Histoire de faire un peu de bénéfice, Mal’ et son équipage prennent à l’occasion des passagers. C’est ainsi qu’un jour le berger Book (un prêtre) embarque, ainsi que le docteur Simon Tam… et sa soeur River, qu’il fait monter à bord à l’insu de tous dans un caisson de stase. Simon l’a faite évader d’un bâtiment contrôlé par l’Alliance, où elle a subi des expériences encore indéterminées qui l’ont profondément changée et rendue pratiquement folle. Bon gré mal gré, Mal’ acceptera les deux fugitifs parmi son équipage. Mais pas question d’avoir des bouches inutiles : chacun devra se rendre utile !

Et c’est ainsi que ce petit groupe assez mal assorti va se retrouver à voyager à bord de Serenity, chacun y amenant ses secrets en même temps que ses compétences. Et il faudra la participation de tout le monde pour rester hors des griffes de l’Alliance, des chasseurs de primes, et de tous leurs autres ennemis.

Firefly - Simon en cours d'enlèvement

Ce brave docteur Simon Tam attire bien des convoitises, vu la prime sur sa tête.

Interruption du signal

Joss Whedon avait conçu sa série pour durer sept saisons, mais la Fox, suite à de mauvais classements, décida d’annuler la diffusion de la série après seulement onze des quatorze épisodes. Ces mauvais résultats s’expliquent en grande partie par le fait que la série était diffusée dans le désordre – ce qui est désastreux lorsque le scénario s’articule autour des relations entre les personnages, comme c’est le cas pour Firefly. Pour donner un exemple : le pilote, qui contient logiquement la présentation des différents personnages, a été diffusé en dernier.

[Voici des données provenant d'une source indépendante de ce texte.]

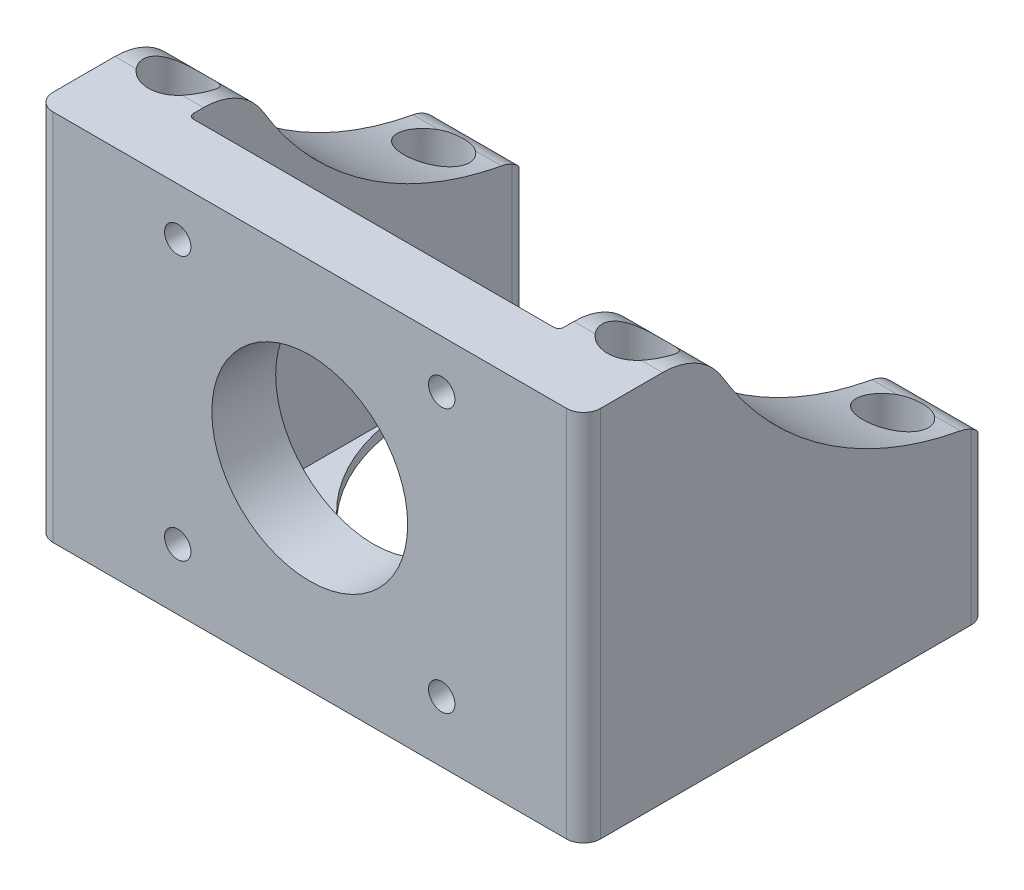
from build123d import *

# Parameters (mm, degrees)
SKETCH1_R               = 1.5499999999999976
SKETCH1_R_2             = 1.550000000000003
SKETCH1_R_3             = 1.5499999999999992
SKETCH1_R_4             = 11.5
BOSS_EXTRUDE1_DEPTH     = 7.5
SKETCH2_W               = 7.500000000000001
SKETCH2_H               = 42.30000000000015
BOSS_EXTRUDE2_DEPTH     = 11
CUT_EXTRUDE1_DEPTH      = 67.5049810164623
BOSS_EXTRUDE3_DEPTH     = 1.5
CUT_EXTRUDE2_DEPTH      = 68.46897435117893
CUT_EXTRUDE2_DEPTH_BACK = 68.46897435117893
SKETCH5_R               = 1.5000000000000007
SKETCH5_R_2             = 1.5000000000000009
CUT_EXTRUDE3_START      = -15
SKETCH5_3_R             = 3.500000000000001
SKETCH5_3_R_2           = 1.5000000000000009
SKETCH5_3_R_3           = 3.5
CUT_EXTRUDE3_DEPTH      = 47.50000000000001
FILLET2_R               = 2
SKETCH6_W               = 48.78690945060761
SKETCH6_H               = 41.74981882727384
BOSS_EXTRUDE4_DEPTH     = 1.2
CUT_EXTRUDE4_DEPTH      = 67.69619571572309


with BuildPart() as part:
    # Sketch1 → Boss-Extrude1 (new body)
    with BuildSketch(Plane.XY):
        Polygon((0, 21.150000000000077), (21.150000000000073, 21.150000000000077), (21.150000000000077, 8.327e-14), (21.150000000000507, -21.149999999999572), (8.554e-14, -21.14999999999992), (-21.149999999999924, -21.149999999999928), (-21.149999999999995, -2.69e-15), (-21.149999999999856, 21.150000000000222), align=None)
        with Locations((15.499999999999996, 15.5)):
            Circle(SKETCH1_R, mode=Mode.SUBTRACT)
        with Locations((15.500000000000005, -15.500000000000002)):
            Circle(SKETCH1_R_2, mode=Mode.SUBTRACT)
        with Locations((-15.499999999999998, -15.500000000000012)):
            Circle(SKETCH1_R_3, mode=Mode.SUBTRACT)
        with Locations((-15.50000000000001, 15.49999999999999)):
            Circle(SKETCH1_R_3, mode=Mode.SUBTRACT)
        Circle(SKETCH1_R_4, mode=Mode.SUBTRACT)
    extrude(amount=BOSS_EXTRUDE1_DEPTH)

    # Sketch2 → Boss-Extrude2 (add)
    with BuildSketch(Plane.ZY.offset(21.149999999999995)):
        with Locations((3.7500000000000004, 2.1849e-13)):
            Rectangle(SKETCH2_W, SKETCH2_H)
        with BuildLine():
            Line((0, -21.14999999999986), (0, 21.150000000000293))
            Line((0, 21.150000000000293), (-1.771709500841494, 21.150000000000293))
            ThreePointArc((-1.7717095008414934, 21.150000000000297), (-5.828166751938932, 20.078151362319375), (-8.825687949345335, 17.14241097816094))
            ThreePointArc((-8.82568794934533, 17.142410978160935), (-20.697100679367818, 4.412586379453849), (-36.76838475660053, -2.2726737223876654))
            ThreePointArc((-36.76838475660055, -2.2726737223876654), (-39.086170348891756, -3.6262628829235943), (-40, -6.149999999999864))
            Line((-40, -6.149999999999864), (-40, -21.149999999999864))
            Line((-40, -21.149999999999864), (0, -21.149999999999856))
        make_face()
    boss_extrude2 = extrude(amount=BOSS_EXTRUDE2_DEPTH)

    # Sketch3 → Cut-Extrude1 (cut, symmetric)
    with BuildSketch(Plane(origin=(0, 21.150000000000077, 0), x_dir=(1, 0, 0), z_dir=(0, 1, 0))):
        with BuildLine():
            Line((-21.75000000000007, 0.5999999999999999), (-21.750000000000068, 41.938133152744264))
            Line((-21.750000000000068, 41.938133152744264), (-16.932175207311897, 41.938133152744264))
            Line((-16.932175207311897, 41.938133152744264), (-16.932175207311897, 2.9783080433489855))
            Line((-16.932175207311897, 2.9783080433489855), (-21.149999999999856, 0))
            ThreePointArc((-21.149999999999856, 0), (-21.574264068711923, 0.17573593128799603), (-21.75000000000007, 0.5999999999999999))
        make_face()
    cut_extrude1 = extrude(amount=CUT_EXTRUDE1_DEPTH, both=True, mode=Mode.SUBTRACT)

    # Mirror1: Boss-Extrude2, Cut-Extrude1 across plane
    add(boss_extrude2.mirror(Plane(origin=(0, 0, 0), x_dir=(0, 0, 1), z_dir=(1, 0, 0))))
    add(cut_extrude1.mirror(Plane(origin=(0, 0, 0), x_dir=(0, 0, 1), z_dir=(1, 0, 0))), mode=Mode.SUBTRACT)

    # Sketch4 → Boss-Extrude3 (add)
    with BuildSketch(Plane.XZ.offset(21.14999999999992)):
        with BuildLine():
            Line((21.74999999999972, -0.5999999999999999), (21.74999999999972, -39.99999999999999))
            Line((21.74999999999972, -39.99999999999999), (32.14999999999957, -40))
            Line((32.14999999999957, -40), (32.14999999999957, 7.5))
            Line((32.14999999999957, 7.5), (-32.15000000000027, 7.5))
            Line((-32.15000000000027, 7.5), (-32.15000000000027, -40))
            Line((-32.15000000000027, -40), (-21.750000000000423, -40))
            Line((-21.750000000000423, -40), (-21.750000000000416, -0.5999999999999998))
            ThreePointArc((-21.750000000000416, -0.5999999999999998), (-21.574264068712267, -0.17573593128799736), (-21.150000000000205, 0))
            Line((-21.150000000000205, 0), (21.14999999999951, 1.73e-15))
            ThreePointArc((21.14999999999951, 1.73e-15), (21.574264068711575, -0.17573593128799747), (21.74999999999972, -0.5999999999999999))
        make_face()
    extrude(amount=BOSS_EXTRUDE3_DEPTH)

    # Sketch5 → Cut-Extrude2 (cut, two sides: drawn at the far end of the back side and taken through both)
    with BuildSketch(Plane.XZ.offset(22.64999999999992).offset(-CUT_EXTRUDE2_DEPTH_BACK)):
        with Locations((-26.95000000000035, -4.0000000000000036)):
            Circle(SKETCH5_R)
        with Locations((-26.950000000000344, -34)):
            Circle(SKETCH5_R_2)
        with Locations((26.95000000000035, -33.99999999999999)):
            Circle(SKETCH5_R_2)
        with Locations((26.95000000000035, -3.9999999999999964)):
            Circle(SKETCH5_R)
    extrude(amount=CUT_EXTRUDE2_DEPTH + CUT_EXTRUDE2_DEPTH_BACK, mode=Mode.SUBTRACT)

    # Sketch5<3> → Cut-Extrude3 (cut)
    # profile 1 of 4: a face of its own
    with BuildSketch(Plane.XZ.offset(22.64999999999992).offset(CUT_EXTRUDE3_START)):
        with Locations((-26.950000000000344, -34)):
            Circle(SKETCH5_3_R)
        with Locations((-26.950000000000344, -34)):
            Circle(SKETCH5_3_R_2, mode=Mode.SUBTRACT)
    # profile 2 of 4: a face of its own
    with BuildSketch(Plane.XZ.offset(22.64999999999992).offset(CUT_EXTRUDE3_START)):
        with Locations((-26.95000000000035, -4.0000000000000036)):
            Circle(SKETCH5_3_R_3)
    # profile 3 of 4: a face of its own
    with BuildSketch(Plane.XZ.offset(22.64999999999992).offset(CUT_EXTRUDE3_START)):
        with Locations(Location((26.95000000000035, -3.9999999999999964, 0), (0, 0, 39.542798608))):
            Circle(SKETCH5_3_R_3)
    # profile 4 of 4: a face of its own
    with BuildSketch(Plane.XZ.offset(22.64999999999992).offset(CUT_EXTRUDE3_START)):
        with Locations(Location((26.95000000000035, -33.99999999999999, 0), (0, 0, 307.724020594))):
            Circle(SKETCH5_3_R)
    extrude(amount=-CUT_EXTRUDE3_DEPTH, mode=Mode.SUBTRACT)

    # Fillet2
    # the kernel refuses this fillet: 2 mm, written as the material it takes off along each edge
    with BuildSketch(Plane(origin=(32.1499999999999, -27.649999999999388, -40), x_dir=(0, 0, 1), z_dir=(1.72e-15, 1, 0))) as fillet2_piece_1:
        with BuildLine():
            CenterArc((FILLET2_R, -FILLET2_R), FILLET2_R, 90, 90)
            Line((0, -FILLET2_R), (0, 0))
            Line((0, 0), (FILLET2_R, 0))
        make_face()
    extrude(amount=26.499999999999414, mode=Mode.SUBTRACT)
    with BuildSketch(Plane(origin=(21.750000000000068, -1.1499999999999382, -40), x_dir=(0, 4.3e-16, 1), z_dir=(1.51e-15, -1, 4.3e-16))) as fillet2_piece_2:
        with BuildLine():
            CenterArc((FILLET2_R, -FILLET2_R), FILLET2_R, 90, 90)
            Line((0, -FILLET2_R), (0, 0))
            Line((0, 0), (FILLET2_R, 0))
        make_face()
    extrude(amount=26.499999999999623, mode=Mode.SUBTRACT)
    with BuildSketch(Plane(origin=(-32.149999999999984, -1.1499999999999746, -40), x_dir=(0, 0, 1), z_dir=(4.31e-15, -1, 0))) as fillet2_piece_3:
        with BuildLine():
            CenterArc((FILLET2_R, -FILLET2_R), FILLET2_R, 90, 90)
            Line((0, -FILLET2_R), (0, 0))
            Line((0, 0), (FILLET2_R, 0))
        make_face()
    extrude(amount=26.50000000000048, mode=Mode.SUBTRACT)
    with BuildSketch(Plane(origin=(-32.1499999999999, -27.650000000000453, 7.5), x_dir=(1, 3.73e-15, 0), z_dir=(-3.73e-15, 1, 0))) as fillet2_piece_4:
        with BuildLine():
            CenterArc((FILLET2_R, FILLET2_R), FILLET2_R, 180, 90)
            Line((0, FILLET2_R), (0, 0))
            Line((0, 0), (FILLET2_R, 0))
        make_face()
    extrude(amount=53.80000000000064, mode=Mode.SUBTRACT)
    with BuildSketch(Plane(origin=(-21.750000000000068, -27.650000000000283, -40), x_dir=(0, 0, 1), z_dir=(-1.08e-15, 1, 0))) as fillet2_piece_5:
        with BuildLine():
            CenterArc((FILLET2_R, -FILLET2_R), FILLET2_R, 90, 90)
            Line((0, -FILLET2_R), (0, 0))
            Line((0, 0), (FILLET2_R, 0))
        make_face()
    extrude(amount=26.50000000000034, mode=Mode.SUBTRACT)
    with BuildSketch(Plane(origin=(32.150000000000084, 26.150000000000183, 7.5), x_dir=(0, 0, -1), z_dir=(-2.76e-15, -1, 0))) as fillet2_piece_6:
        with BuildLine():
            CenterArc((FILLET2_R, -FILLET2_R), FILLET2_R, 90, 90)
            Line((0, -FILLET2_R), (0, 0))
            Line((0, 0), (FILLET2_R, 0))
        make_face()
    extrude(amount=53.79999999999957, mode=Mode.SUBTRACT)

    # Sketch6 → Boss-Extrude4 (add)
    with BuildSketch(Plane.XZ.offset(22.64999999999992)):
        with Locations((-0.09860427356243306, -19.12509058636308)):
            Rectangle(SKETCH6_W, SKETCH6_H)
    extrude(amount=-BOSS_EXTRUDE4_DEPTH)

    # Sketch7 → Cut-Extrude4 (cut, through all)
    with BuildSketch(Plane(origin=(3.5542e-13, -21.44999999999992, 0), x_dir=(1, 1.657e-14, 0), z_dir=(-1.657e-14, 1, 0))):
        with BuildLine():
            Line((21.75000000000003, 36.768384756600554), (21.74999999999979, 26.401553875860724))
            ThreePointArc((21.74999999999979, 26.401553875860724), (-4e-15, 4.651553875860934), (-21.74999999999979, 26.401553875860724))
            Line((-21.74999999999979, 26.401553875860724), (-21.750000000000107, 36.76838475660055))
            Line((-21.750000000000107, 36.76838475660055), (-21.750000000000114, 38))
            ThreePointArc((-21.750000000000114, 38), (-22.335786437627018, 39.41421356237322), (-23.750000000000167, 40))
            Line((-23.750000000000167, 40), (-23.750000000000167, 46.1872525671472))
            Line((-23.750000000000167, 46.1872525671472), (23.749999999999964, 46.1872525671472))
            Line((23.749999999999964, 46.1872525671472), (23.749999999999964, 40))
            ThreePointArc((23.749999999999964, 40), (22.33578643762671, 39.414213562373185), (21.75000000000002, 38))
            Line((21.75000000000002, 38), (21.75000000000003, 36.768384756600554))
        make_face()
    extrude(amount=-CUT_EXTRUDE4_DEPTH, mode=Mode.SUBTRACT)


solid = part.part

Firefly - Les occupants de Serenity au complet

Les neuf protagonistes principaux de la série Firefly, avec Mal’ au premier plan.

Les trois épisodes manquants ont été diffusés avec les autres épisodes de la première saison par la chaîne britannique Sci-Fi en 2003, avec cette fois l’ordre correct de diffusion.

Malgré sa diffusion très courte, la série a réussi à réunir un important groupe de fans, qui se sont nommés les Browncoats. Après avoir échoué à sauver la série lors de l’annonce de son annulation, loin de se décourager, ils ont réussi à soutenir la sortie de la série en DVD en 2003 (région 1) et 2004 (régions 2 et 4).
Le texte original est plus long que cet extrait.